Assignment »
Nothing but the lines holding the string "profiles" should appear in the answer. Copy them from the entries.

[Source data]
⁂
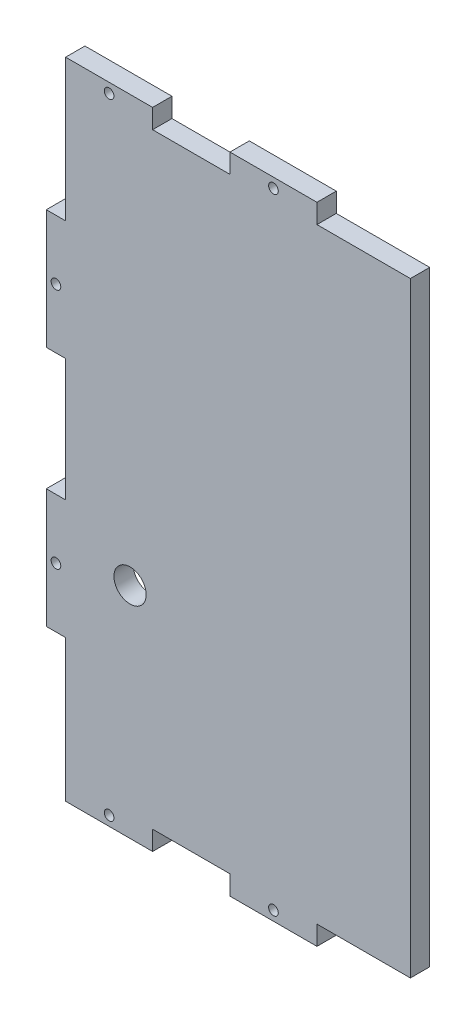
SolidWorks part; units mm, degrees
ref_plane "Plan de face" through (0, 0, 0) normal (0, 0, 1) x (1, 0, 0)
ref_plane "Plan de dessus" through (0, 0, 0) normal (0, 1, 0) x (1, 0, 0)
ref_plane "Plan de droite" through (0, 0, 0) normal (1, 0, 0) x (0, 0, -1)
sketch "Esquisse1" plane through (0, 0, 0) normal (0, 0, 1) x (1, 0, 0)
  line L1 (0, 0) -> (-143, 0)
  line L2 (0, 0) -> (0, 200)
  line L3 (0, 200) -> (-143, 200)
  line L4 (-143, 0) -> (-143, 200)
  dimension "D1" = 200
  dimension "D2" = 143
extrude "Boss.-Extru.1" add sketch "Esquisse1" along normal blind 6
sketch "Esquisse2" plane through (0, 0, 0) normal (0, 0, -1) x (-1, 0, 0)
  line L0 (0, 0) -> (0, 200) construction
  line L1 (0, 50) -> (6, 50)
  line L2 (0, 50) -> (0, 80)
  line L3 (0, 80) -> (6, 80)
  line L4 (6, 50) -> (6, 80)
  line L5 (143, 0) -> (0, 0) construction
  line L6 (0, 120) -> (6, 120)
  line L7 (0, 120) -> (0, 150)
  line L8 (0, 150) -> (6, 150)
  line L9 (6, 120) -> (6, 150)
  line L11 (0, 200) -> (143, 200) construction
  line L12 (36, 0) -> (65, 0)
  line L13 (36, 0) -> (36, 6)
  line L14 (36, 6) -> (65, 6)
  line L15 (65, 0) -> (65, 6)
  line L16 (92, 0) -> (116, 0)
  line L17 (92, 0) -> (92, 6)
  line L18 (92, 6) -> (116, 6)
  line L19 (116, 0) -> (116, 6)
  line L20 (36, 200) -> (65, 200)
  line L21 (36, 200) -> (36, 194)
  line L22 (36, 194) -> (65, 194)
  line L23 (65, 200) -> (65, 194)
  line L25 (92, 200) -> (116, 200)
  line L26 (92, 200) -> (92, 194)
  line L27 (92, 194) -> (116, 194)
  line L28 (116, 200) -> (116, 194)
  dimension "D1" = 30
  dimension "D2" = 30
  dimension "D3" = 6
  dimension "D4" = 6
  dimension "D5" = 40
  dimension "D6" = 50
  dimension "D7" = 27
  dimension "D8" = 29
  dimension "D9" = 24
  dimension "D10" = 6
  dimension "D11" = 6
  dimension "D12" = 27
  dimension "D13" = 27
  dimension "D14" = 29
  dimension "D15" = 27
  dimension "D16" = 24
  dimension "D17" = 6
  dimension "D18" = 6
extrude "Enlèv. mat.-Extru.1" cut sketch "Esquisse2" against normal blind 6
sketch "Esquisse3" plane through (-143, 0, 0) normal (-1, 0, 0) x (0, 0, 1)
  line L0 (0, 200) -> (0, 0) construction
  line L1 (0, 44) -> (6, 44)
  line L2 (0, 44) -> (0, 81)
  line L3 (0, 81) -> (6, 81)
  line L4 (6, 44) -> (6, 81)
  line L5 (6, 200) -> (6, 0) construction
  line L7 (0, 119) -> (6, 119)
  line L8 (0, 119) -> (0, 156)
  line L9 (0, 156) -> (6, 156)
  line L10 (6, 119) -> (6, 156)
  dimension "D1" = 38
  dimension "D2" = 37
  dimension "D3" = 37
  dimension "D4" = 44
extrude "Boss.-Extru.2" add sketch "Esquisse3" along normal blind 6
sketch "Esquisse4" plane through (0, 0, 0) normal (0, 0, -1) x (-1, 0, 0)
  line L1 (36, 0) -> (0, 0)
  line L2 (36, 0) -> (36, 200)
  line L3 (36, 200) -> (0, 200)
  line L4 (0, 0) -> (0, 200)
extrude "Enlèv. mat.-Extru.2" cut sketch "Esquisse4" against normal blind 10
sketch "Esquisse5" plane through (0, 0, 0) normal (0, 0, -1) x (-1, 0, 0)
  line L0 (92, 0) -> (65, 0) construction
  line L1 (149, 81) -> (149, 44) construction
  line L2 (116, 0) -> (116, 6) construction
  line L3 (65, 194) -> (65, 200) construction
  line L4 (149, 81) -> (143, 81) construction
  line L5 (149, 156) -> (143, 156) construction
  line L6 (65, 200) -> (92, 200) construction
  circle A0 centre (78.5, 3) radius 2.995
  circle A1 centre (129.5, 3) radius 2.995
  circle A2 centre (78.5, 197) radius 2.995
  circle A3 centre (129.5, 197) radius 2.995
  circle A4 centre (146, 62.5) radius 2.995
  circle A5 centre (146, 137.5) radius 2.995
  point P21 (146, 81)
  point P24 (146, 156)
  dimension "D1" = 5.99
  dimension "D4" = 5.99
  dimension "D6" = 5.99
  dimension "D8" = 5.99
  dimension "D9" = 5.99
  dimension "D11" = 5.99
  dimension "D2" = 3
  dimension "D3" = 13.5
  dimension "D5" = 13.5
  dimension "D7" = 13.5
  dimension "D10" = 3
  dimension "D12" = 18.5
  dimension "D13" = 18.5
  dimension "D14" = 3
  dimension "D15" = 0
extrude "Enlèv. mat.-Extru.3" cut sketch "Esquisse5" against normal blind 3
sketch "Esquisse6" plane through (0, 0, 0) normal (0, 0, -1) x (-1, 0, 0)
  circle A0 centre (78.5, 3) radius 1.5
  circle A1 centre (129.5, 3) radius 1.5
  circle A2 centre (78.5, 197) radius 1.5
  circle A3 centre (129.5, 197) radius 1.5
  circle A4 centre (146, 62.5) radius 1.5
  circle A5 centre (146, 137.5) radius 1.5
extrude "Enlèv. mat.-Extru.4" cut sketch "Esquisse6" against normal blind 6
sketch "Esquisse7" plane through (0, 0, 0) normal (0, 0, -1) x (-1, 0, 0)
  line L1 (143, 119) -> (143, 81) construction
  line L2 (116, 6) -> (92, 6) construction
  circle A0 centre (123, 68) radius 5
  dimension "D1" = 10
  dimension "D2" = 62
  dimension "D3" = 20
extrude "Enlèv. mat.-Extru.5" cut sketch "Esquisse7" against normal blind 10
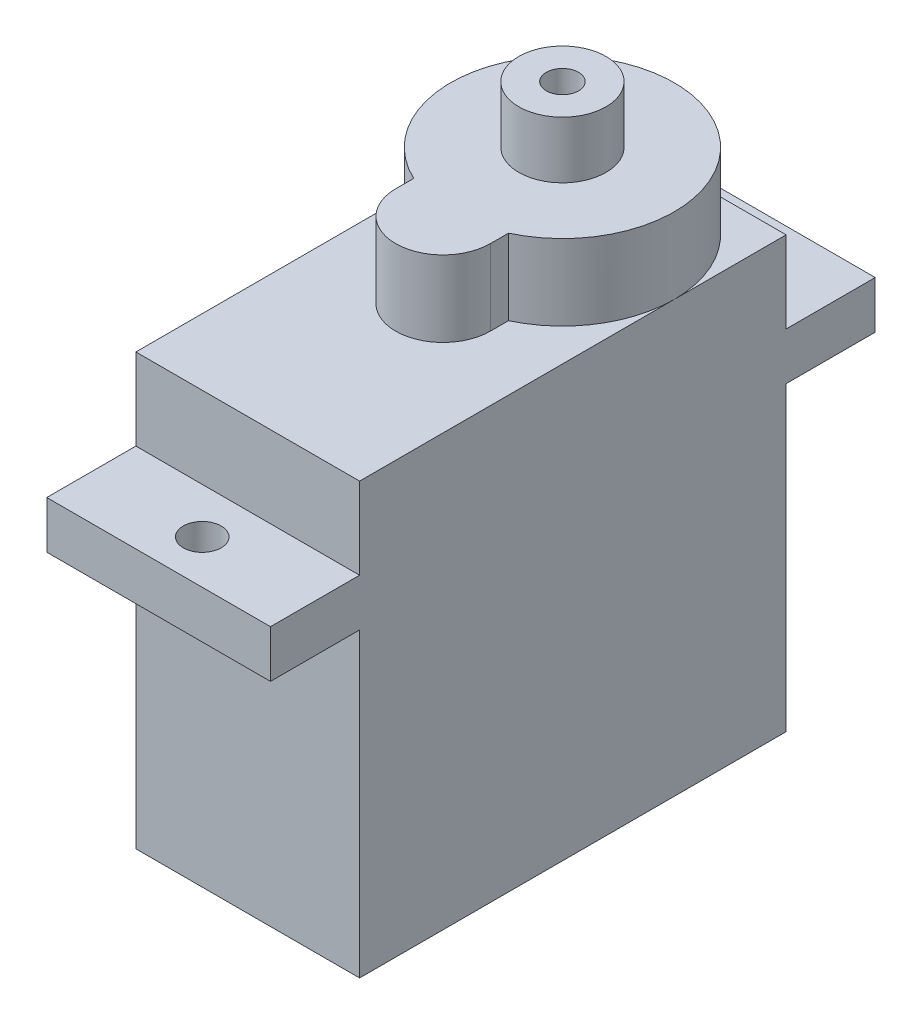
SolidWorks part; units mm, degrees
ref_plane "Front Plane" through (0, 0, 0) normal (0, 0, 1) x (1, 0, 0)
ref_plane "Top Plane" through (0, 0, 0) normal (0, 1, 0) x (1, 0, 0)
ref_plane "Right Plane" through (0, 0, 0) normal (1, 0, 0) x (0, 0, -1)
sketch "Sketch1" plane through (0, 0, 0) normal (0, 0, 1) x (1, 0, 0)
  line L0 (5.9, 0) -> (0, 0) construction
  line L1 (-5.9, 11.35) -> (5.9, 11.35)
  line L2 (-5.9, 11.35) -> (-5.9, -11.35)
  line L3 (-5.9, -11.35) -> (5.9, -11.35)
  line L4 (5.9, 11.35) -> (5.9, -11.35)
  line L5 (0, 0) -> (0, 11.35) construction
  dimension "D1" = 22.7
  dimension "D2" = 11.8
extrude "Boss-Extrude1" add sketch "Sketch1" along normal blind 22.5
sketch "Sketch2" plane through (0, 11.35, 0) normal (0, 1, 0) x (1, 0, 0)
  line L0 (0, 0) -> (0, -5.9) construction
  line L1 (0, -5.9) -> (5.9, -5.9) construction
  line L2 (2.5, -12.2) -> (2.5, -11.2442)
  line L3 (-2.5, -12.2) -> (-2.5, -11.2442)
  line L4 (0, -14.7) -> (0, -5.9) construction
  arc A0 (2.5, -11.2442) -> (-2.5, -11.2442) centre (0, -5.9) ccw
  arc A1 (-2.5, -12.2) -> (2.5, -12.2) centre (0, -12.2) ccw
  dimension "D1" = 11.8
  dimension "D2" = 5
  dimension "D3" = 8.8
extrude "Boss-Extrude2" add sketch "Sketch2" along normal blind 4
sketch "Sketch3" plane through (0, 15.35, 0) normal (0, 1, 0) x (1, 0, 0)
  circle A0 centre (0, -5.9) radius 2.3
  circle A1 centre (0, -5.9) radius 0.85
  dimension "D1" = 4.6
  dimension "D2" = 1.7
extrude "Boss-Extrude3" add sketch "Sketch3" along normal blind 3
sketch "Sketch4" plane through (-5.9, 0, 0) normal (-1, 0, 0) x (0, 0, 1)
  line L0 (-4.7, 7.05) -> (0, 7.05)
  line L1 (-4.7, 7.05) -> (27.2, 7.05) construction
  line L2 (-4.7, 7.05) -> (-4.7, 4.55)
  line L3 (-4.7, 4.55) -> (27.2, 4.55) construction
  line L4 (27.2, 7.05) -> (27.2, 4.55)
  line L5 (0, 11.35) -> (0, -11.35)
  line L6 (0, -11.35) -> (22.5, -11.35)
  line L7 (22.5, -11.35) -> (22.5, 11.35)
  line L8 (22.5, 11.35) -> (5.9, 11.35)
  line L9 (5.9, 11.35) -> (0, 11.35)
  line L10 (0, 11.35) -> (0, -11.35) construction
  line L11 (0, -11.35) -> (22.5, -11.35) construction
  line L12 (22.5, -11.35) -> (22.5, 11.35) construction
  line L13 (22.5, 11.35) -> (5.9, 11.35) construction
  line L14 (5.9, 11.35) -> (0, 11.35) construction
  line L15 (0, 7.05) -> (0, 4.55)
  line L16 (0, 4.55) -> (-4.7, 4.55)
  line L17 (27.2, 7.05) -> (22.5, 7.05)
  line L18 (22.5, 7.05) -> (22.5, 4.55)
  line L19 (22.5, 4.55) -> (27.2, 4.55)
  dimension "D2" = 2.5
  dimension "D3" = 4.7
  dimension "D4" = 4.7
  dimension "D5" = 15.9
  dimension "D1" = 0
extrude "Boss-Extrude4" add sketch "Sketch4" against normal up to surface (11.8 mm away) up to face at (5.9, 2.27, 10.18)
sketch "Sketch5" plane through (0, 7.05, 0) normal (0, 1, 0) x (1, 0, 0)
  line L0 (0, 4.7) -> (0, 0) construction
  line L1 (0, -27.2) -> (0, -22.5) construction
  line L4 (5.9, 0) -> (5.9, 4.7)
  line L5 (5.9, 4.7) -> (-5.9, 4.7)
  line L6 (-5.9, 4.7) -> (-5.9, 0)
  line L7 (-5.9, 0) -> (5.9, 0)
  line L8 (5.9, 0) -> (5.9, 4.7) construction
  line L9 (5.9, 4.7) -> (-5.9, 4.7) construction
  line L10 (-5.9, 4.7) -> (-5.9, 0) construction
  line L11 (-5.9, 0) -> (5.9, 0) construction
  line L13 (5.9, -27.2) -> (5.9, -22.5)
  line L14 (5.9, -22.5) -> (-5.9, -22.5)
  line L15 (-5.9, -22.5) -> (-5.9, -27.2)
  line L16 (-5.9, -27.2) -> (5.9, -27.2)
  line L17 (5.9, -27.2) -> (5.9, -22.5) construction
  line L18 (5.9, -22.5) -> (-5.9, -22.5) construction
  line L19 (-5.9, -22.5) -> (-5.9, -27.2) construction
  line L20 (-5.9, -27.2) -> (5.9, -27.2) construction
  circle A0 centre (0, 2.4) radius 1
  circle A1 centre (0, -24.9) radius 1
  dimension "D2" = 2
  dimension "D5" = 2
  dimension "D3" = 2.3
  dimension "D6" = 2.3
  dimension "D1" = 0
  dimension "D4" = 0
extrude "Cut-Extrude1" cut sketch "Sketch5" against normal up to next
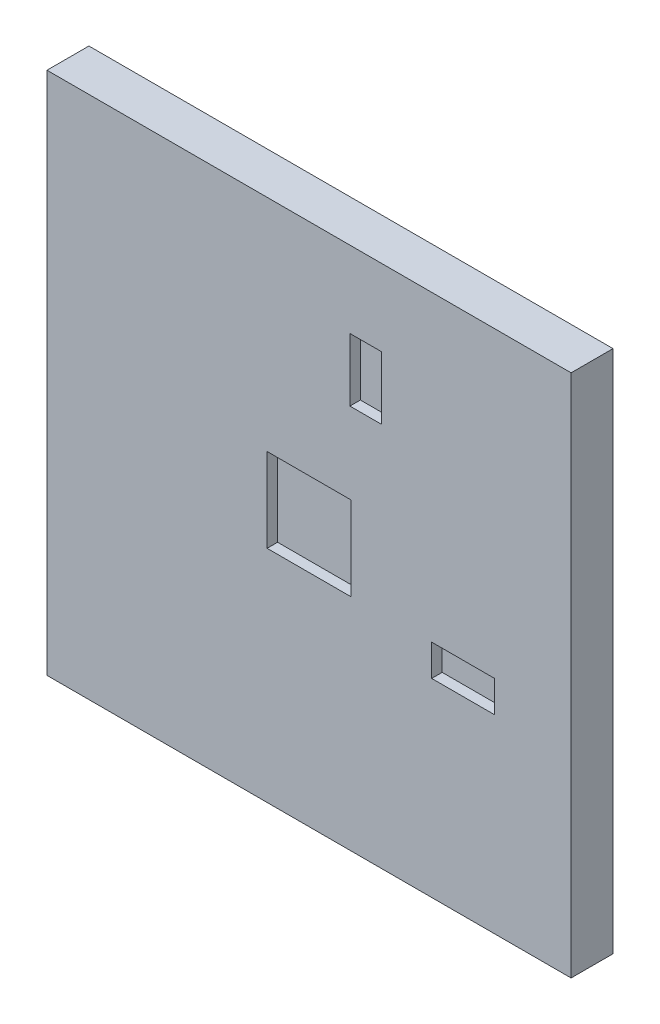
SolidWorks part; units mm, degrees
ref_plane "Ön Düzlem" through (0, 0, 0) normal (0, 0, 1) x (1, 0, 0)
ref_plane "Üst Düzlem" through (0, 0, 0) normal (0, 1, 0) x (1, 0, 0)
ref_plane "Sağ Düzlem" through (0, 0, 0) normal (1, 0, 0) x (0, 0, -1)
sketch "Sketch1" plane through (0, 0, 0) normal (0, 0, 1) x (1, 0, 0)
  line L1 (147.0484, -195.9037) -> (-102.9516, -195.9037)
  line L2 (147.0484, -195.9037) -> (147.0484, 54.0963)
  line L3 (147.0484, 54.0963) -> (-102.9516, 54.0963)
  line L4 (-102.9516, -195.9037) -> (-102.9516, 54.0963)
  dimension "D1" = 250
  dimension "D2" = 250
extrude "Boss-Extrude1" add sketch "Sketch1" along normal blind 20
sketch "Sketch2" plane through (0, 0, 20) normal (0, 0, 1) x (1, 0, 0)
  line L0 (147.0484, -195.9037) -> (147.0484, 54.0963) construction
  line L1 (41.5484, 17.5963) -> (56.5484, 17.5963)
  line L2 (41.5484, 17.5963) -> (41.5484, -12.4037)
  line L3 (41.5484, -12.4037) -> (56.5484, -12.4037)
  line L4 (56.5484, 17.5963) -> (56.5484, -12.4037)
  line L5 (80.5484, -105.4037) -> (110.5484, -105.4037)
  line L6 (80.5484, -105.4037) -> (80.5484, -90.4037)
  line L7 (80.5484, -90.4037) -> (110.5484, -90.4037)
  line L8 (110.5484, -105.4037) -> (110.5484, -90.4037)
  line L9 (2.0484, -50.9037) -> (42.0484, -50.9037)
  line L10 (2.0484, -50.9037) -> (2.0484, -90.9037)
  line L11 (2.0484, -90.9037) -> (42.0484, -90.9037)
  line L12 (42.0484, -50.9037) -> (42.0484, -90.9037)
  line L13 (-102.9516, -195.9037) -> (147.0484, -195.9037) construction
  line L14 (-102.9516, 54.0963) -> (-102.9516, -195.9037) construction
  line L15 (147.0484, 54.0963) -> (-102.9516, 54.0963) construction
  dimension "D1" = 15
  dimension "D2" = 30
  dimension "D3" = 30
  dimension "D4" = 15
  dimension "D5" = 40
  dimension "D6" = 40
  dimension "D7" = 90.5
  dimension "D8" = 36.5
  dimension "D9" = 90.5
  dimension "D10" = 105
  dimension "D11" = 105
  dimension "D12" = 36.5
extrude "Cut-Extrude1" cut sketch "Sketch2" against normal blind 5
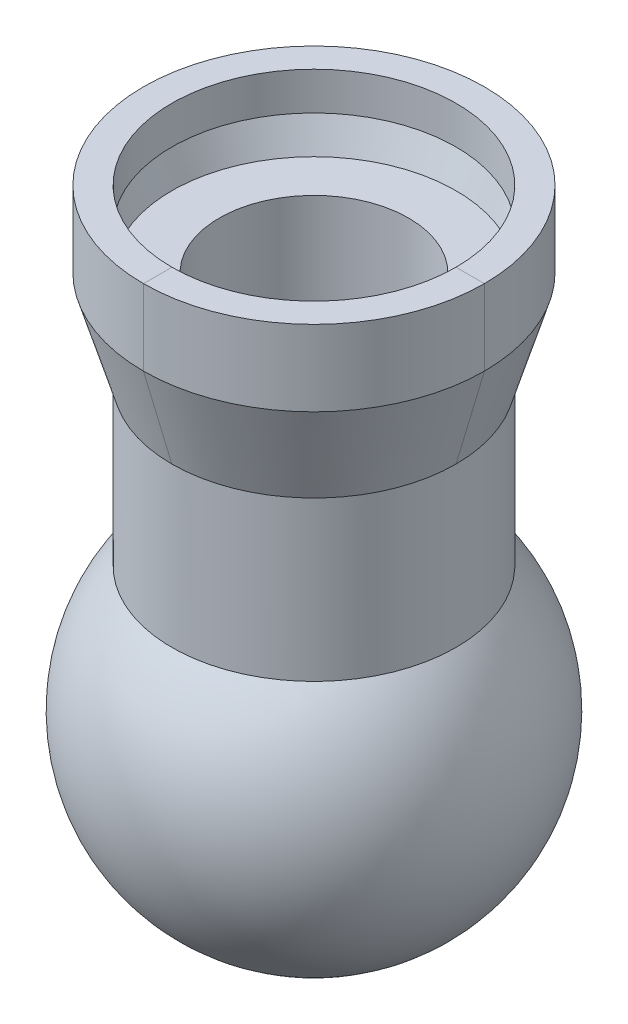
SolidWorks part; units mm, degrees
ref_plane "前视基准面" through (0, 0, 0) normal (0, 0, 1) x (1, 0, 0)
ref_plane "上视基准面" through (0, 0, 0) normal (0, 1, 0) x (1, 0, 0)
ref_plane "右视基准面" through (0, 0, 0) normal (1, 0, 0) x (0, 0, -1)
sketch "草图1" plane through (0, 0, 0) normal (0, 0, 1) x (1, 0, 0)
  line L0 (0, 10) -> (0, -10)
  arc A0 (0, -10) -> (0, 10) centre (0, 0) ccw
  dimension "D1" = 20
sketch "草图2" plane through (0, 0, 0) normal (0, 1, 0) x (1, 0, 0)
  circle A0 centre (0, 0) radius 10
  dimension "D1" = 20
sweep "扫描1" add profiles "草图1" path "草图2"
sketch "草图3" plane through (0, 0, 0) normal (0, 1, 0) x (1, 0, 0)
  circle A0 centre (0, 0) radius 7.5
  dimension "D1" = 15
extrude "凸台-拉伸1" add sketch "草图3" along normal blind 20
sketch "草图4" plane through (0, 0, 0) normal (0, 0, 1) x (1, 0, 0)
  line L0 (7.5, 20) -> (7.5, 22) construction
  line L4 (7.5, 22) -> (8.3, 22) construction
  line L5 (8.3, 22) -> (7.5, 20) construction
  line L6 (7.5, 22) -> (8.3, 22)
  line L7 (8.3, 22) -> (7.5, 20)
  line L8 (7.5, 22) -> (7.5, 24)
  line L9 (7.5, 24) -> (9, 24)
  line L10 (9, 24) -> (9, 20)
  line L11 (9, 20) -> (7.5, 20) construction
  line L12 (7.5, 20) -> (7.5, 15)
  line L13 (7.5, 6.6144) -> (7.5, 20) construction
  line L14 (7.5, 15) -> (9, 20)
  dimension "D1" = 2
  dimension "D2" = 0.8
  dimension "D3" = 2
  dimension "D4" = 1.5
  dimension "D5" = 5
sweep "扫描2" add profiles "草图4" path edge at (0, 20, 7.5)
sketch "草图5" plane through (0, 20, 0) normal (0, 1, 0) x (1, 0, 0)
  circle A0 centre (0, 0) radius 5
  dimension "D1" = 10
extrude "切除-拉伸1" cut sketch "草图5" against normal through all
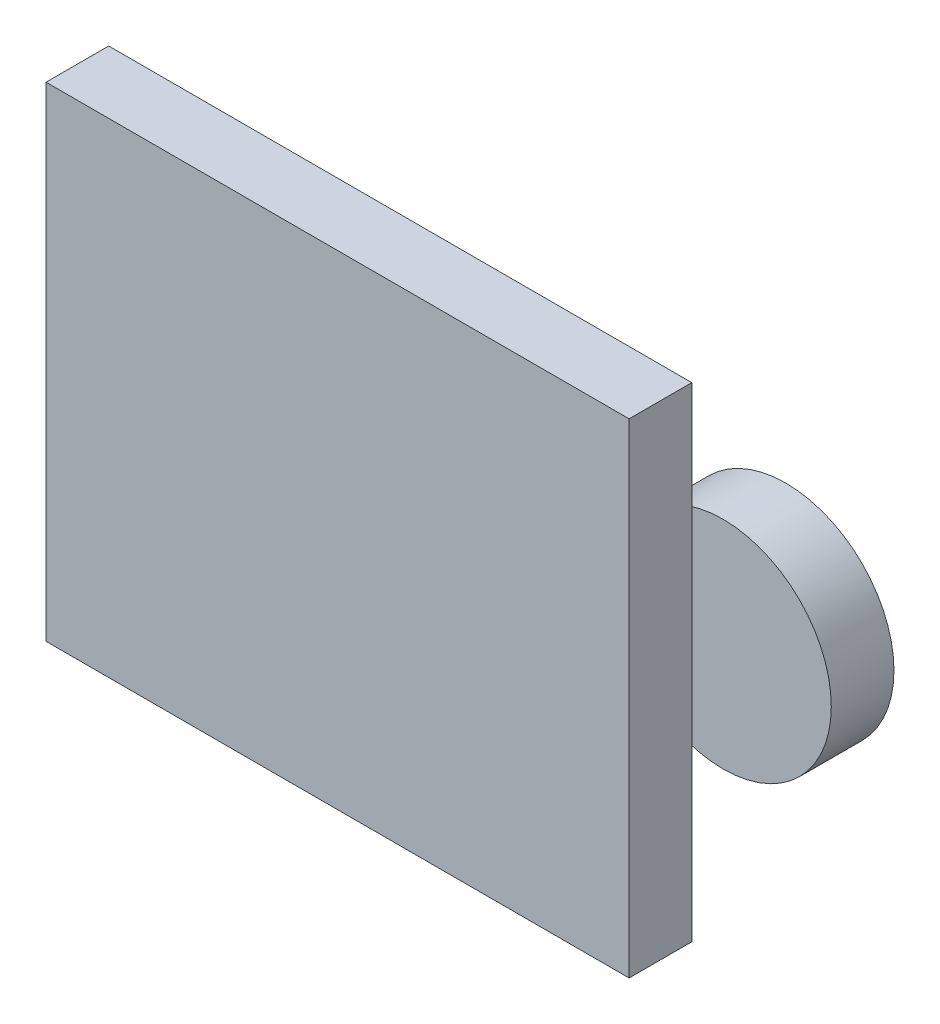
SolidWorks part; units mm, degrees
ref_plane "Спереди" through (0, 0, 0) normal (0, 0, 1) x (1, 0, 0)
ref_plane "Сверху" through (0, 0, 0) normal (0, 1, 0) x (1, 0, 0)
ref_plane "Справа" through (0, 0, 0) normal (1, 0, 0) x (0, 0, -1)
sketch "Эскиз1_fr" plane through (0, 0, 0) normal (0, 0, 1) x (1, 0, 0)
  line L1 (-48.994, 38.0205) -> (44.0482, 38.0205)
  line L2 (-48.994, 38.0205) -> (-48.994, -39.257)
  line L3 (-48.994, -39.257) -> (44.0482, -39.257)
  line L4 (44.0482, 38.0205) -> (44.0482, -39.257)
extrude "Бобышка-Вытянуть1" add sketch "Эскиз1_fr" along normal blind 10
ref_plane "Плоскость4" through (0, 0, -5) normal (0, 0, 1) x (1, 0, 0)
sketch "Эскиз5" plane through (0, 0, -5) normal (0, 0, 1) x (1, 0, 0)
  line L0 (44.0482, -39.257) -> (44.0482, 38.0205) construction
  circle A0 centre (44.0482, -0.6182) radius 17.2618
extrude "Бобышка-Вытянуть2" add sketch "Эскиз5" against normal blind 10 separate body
⁂
Exercise answer »
sweep "扫描1" add profiles "草图1" path "草图2"
sweep "扫描2" add profiles "草图4" path edge at (0, 20, 7.5)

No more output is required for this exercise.